People build houses, plant fields and construct cities on the top layers of the planet's surface. These layers, however, are far from solid. They are flexible and mobile, some parts more than others. Arjun Heimsath, Assistant Professor of Earth Sciences at Dartmouth, measures this dynamic land movement by calculating erosion rates in different parts of the world.
Scientists know that the earth's processes have a profound effect on human lives, and research to study and predict erosion will help people adapt to our changing planet.

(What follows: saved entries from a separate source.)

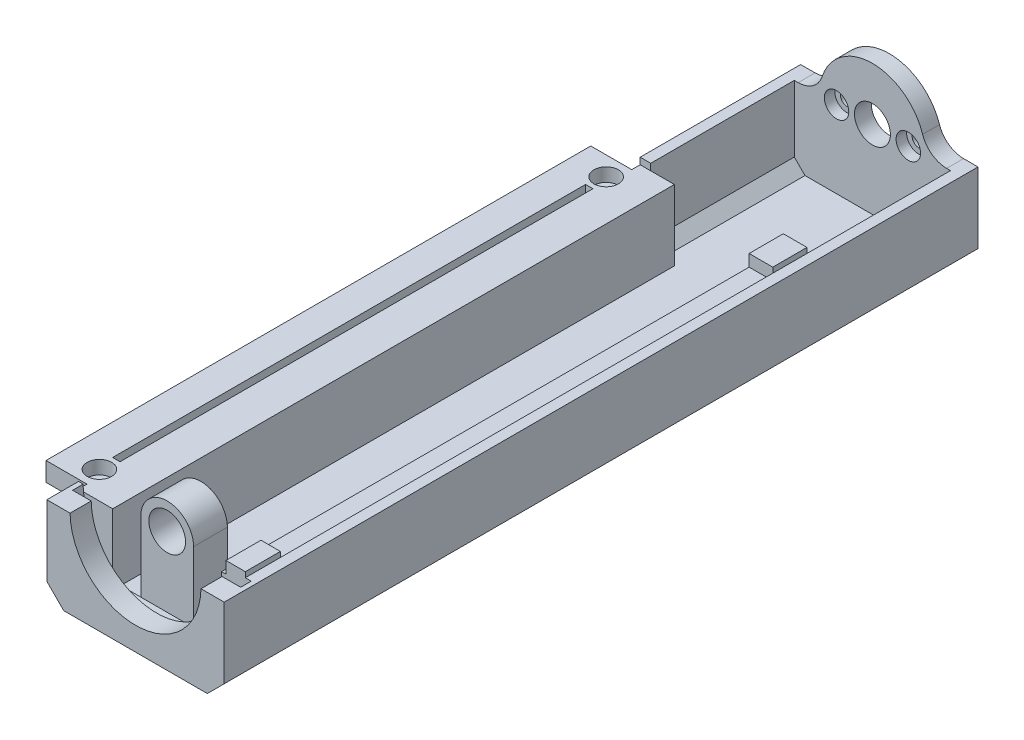
from build123d import *

# Parameters (mm, degrees)
BOSS_EXTRUDE1_DEPTH = 178.5
CUT_EXTRUDE3_DEPTH  = 169.5
CUT_EXTRUDE2_REACH  = 182.954
SKETCH3_R           = 15.5
CUT_EXTRUDE4_DEPTH  = 2.5
BOSS_EXTRUDE3_DEPTH = 8
BOSS_EXTRUDE4_DEPTH = 133
SKETCH11_R          = 4.35
CUT_EXTRUDE6_DEPTH  = 10
SKETCH12_W          = 6.838099821
SKETCH12_H          = 1.8
CUT_EXTRUDE7_DEPTH  = 133
SKETCH13_W          = 17.8
SKETCH13_H          = 129
BOSS_EXTRUDE5_DEPTH = 4.5
SKETCH16_W          = 16.3
SKETCH16_H          = 129
CUT_EXTRUDE8_DEPTH  = 182.71634489
SKETCH17_R          = 1.6
SKETCH17_W          = 1.75
SKETCH17_H          = 112
CUT_EXTRUDE10_DEPTH = 182.71634489
SKETCH18_R          = 2.9
CUT_EXTRUDE11_DEPTH = 3.2
SKETCH19_R          = 12.5
BOSS_EXTRUDE6_DEPTH = 4
SKETCH20_R          = 4.25
SKETCH20_R_2        = 1.6
CUT_EXTRUDE12_DEPTH = 4
SKETCH21_R          = 2.9
CUT_EXTRUDE13_DEPTH = 2.5
FILLET1_R           = 6
SKETCH22_W          = 5.6
SKETCH22_H          = 8.1
SKETCH22_W_2        = 4.6
SKETCH22_H_2        = 8.3
BOSS_EXTRUDE7_DEPTH = 2.8
BOSS_EXTRUDE8_DEPTH = 2.5


with BuildPart() as part:
    # Sketch1 → Boss-Extrude1 (new body)
    with BuildSketch(Plane.XY):
        Polygon((-21, -0.25), (21, -0.25), (21, -17), (17, -21), (-17, -21), (-21, -17), align=None)
    extrude(amount=BOSS_EXTRUDE1_DEPTH)

    # Sketch4 → Cut-Extrude3 (cut)
    with BuildSketch(Plane.XY.offset(173.5)):
        Polygon((-18.5, -15.964466094), (-15.964466094, -18.5), (15.964466094, -18.5), (18.5, -15.964466094), (18.5, -2.75), (18.5, -0.25), (-18.5, -0.25), (-18.5, -2.75), align=None)
    extrude(amount=-CUT_EXTRUDE3_DEPTH, mode=Mode.SUBTRACT)

    # Sketch3 → Cut-Extrude2 (cut, up to next)
    with BuildSketch(Plane.XY.offset(178.5), mode=Mode.PRIVATE) as cut_extrude2_sk1:
        Circle(SKETCH3_R)
    cut_extrude2_tool1 = extrude(cut_extrude2_sk1.sketch, amount=-CUT_EXTRUDE2_REACH, mode=Mode.PRIVATE) & part.part
    add(cut_extrude2_tool1.solids().sort_by_distance((0, 0, 178.5))[0], mode=Mode.SUBTRACT)

    # Sketch6 → Cut-Extrude4 (cut)
    with BuildSketch(Plane.XY.offset(173.5)):
        with BuildLine():
            Line((-10.974971526, 16.6), (10.974971526, 16.6))
            ThreePointArc((10.974971526, 16.6), (19.9, 0), (10.974971526, -16.6))
            Line((10.974971526, -16.6), (-10.974971526, -16.6))
            ThreePointArc((-10.974971526, -16.6), (-19.9, 0), (-10.974971526, 16.6))
        make_face()
    extrude(amount=-CUT_EXTRUDE4_DEPTH, mode=Mode.SUBTRACT)

    # Sketch7 → Boss-Extrude3 (add)
    with BuildSketch(Plane.XY.offset(171)):
        with BuildLine():
            Line((-6.25, 0), (-6.25, -21))
            Line((-6.25, -21), (6.25, -21))
            Line((6.25, -21), (6.25, 0))
            ThreePointArc((6.25, 0), (0, 6.25), (-6.25, 0))
        make_face()
    extrude(amount=-BOSS_EXTRUDE3_DEPTH)

    # Sketch10 → Boss-Extrude4 (add)
    with BuildSketch(Plane.XY.offset(171)):
        Polygon((-18.5, -1.8), (-18.5, -15.964466094), (-15.964466094, -18.5), (-12.9, -18.5), (-12.9, -1.8), align=None)
    boss_extrude4 = extrude(amount=-BOSS_EXTRUDE4_DEPTH)

    # Mirror1: Boss-Extrude4 across plane
    add(boss_extrude4.mirror(Plane(origin=(0, 0, 0), x_dir=(0, 0, 1), z_dir=(1, 0, 0))))

    # Sketch11 → Cut-Extrude6 (cut)
    with BuildSketch(Plane.XY.offset(171)):
        Circle(SKETCH11_R)
    extrude(amount=-CUT_EXTRUDE6_DEPTH, mode=Mode.SUBTRACT)

    # Sketch12 → Cut-Extrude7 (cut)
    with BuildSketch(Plane(origin=(0, 0, 38), x_dir=(-1, 0, 0), z_dir=(0, 0, -1))):
        with Locations((21.919049911, -0.9)):
            Rectangle(SKETCH12_W, SKETCH12_H)
    extrude(amount=-CUT_EXTRUDE7_DEPTH, mode=Mode.SUBTRACT)

    # Sketch13 → Boss-Extrude5 (add)
    with BuildSketch(Plane(origin=(0, -1.8, 0), x_dir=(1, 0, 0), z_dir=(0, 1, 0))):
        with Locations((-21.8, -104.5)):
            Rectangle(SKETCH13_W, SKETCH13_H)
    extrude(amount=-BOSS_EXTRUDE5_DEPTH)

    # Sketch16 → Cut-Extrude8 (cut, through all)
    with BuildSketch(Plane.XZ.offset(6.3)):
        with Locations((-22.55, 104.5)):
            Rectangle(SKETCH16_W, SKETCH16_H)
    extrude(amount=CUT_EXTRUDE8_DEPTH, mode=Mode.SUBTRACT)

    # Sketch17 → Cut-Extrude10 (cut, through all)
    with BuildSketch(Plane.XZ.offset(6.3)):
        with Locations(Location((-22.55, 164.5, 0), (0, 0, 270))):
            Circle(SKETCH17_R)
        with Locations(Location((-22.55, 44.5, 0), (0, 0, 270))):
            Circle(SKETCH17_R)
        with Locations((-22.55, 104.5)):
            Rectangle(SKETCH17_W, SKETCH17_H)
    extrude(amount=-CUT_EXTRUDE10_DEPTH, mode=Mode.SUBTRACT)

    # Sketch18 → Cut-Extrude11 (cut)
    with BuildSketch(Plane(origin=(0, -1.8, 0), x_dir=(1, 0, 0), z_dir=(0, 1, 0))):
        with Locations(Location((-22.55, -164.5, 0), (0, 0, 270))):
            Circle(SKETCH18_R)
        with Locations(Location((-22.55, -44.5, 0), (0, 0, 270))):
            Circle(SKETCH18_R)
    extrude(amount=-CUT_EXTRUDE11_DEPTH, mode=Mode.SUBTRACT)

    # Sketch19 → Boss-Extrude6 (add)
    with BuildSketch(Plane.XY):
        Circle(SKETCH19_R)
    extrude(amount=BOSS_EXTRUDE6_DEPTH)

    # Sketch20 → Cut-Extrude12 (cut)
    with BuildSketch(Plane.XY):
        Circle(SKETCH20_R)
        with Locations((-8.5, -0.25)):
            Circle(SKETCH20_R_2)
        with Locations(Location((8.5, -0.25, 0), (0, 0, 180))):
            Circle(SKETCH20_R_2)
    extrude(amount=CUT_EXTRUDE12_DEPTH, mode=Mode.SUBTRACT)

    # Sketch21 → Cut-Extrude13 (cut)
    with BuildSketch(Plane.XY.offset(4)):
        with Locations((-8.5, -0.25)):
            Circle(SKETCH21_R)
        with Locations((8.5, -0.25)):
            Circle(SKETCH21_R)
    extrude(amount=-CUT_EXTRUDE13_DEPTH, mode=Mode.SUBTRACT)

    # Fillet1
    fillet1_edges = [part.edges().sort_by_distance(p)[0] for p in [
        (12.49749975, -0.25, 2),
        (-12.49749975, -0.25, 2),
    ]]
    fillet(fillet1_edges, radius=FILLET1_R)

    # Sketch22 → Boss-Extrude7 (add)
    with BuildSketch(Plane(origin=(0, -1.8, 0), x_dir=(1, 0, 0), z_dir=(0, 1, 0))):
        with Locations((15.7, -42.05)):
            Rectangle(SKETCH22_W, SKETCH22_H)
        with Locations((16.2, -166.85)):
            Rectangle(SKETCH22_W_2, SKETCH22_H_2)
    extrude(amount=BOSS_EXTRUDE7_DEPTH)

    # Sketch23 → Boss-Extrude8 (add)
    with BuildSketch(Plane(origin=(0, 0, 173.5), x_dir=(-1, 0, 0), z_dir=(0, 0, -1))):
        with BuildLine():
            Line((-10.974971526, -16.6), (10.974971526, -16.6))
            ThreePointArc((10.974971526, -16.6), (15.448847251, -12.543648537), (18.5, -7.332121112))
            Line((18.5, -7.332121112), (18.5, -15.964466094))
            Line((18.5, -15.964466094), (15.964466094, -18.5))
            Line((15.964466094, -18.5), (-15.964466094, -18.5))
            Line((-15.964466094, -18.5), (-18.5, -15.964466094))
            Line((-18.5, -15.964466094), (-18.5, -7.332121112))
            ThreePointArc((-18.5, -7.332121112), (-15.448847251, -12.543648537), (-10.974971526, -16.6))
        make_face()
    extrude(amount=BOSS_EXTRUDE8_DEPTH)


solid = part.part

In northern Australia, for example, Heimsath's work involves uranium mining. "When you extract uranium during the mining process, you produce radioactive waste. It is piled into an earthen dump that looks like a giant loaf of bread, acres across. That mound of tailings is susceptible to erosion," Heimsath said. With his colleagues, he works to determine how the waste piles will erode over time, and how that eroded material will move through the environment. Their calculations, using one of the most accurate procedures to date, quantify erosion, computing the speed at which land melts into itself, lakes, streams and eventually the ocean.
To conduct his research, Heimsath extracts cosmic isotopes from rock and sediment samples. "Cosmic rays are high energy particles coming in from both galactic and solar sources. I'm primarily interested in the galactic ones that have higher energies. When they hit minerals in a specific way, they knock electrons and neutrons off atoms and create numerous different isotopes," he said. "Concentrations of these isotopes build over time at rates dependent on their location." From those isotope concentrations, also called radionuclides, he can determine how long that material has been there and how fast it's eroding or breaking down.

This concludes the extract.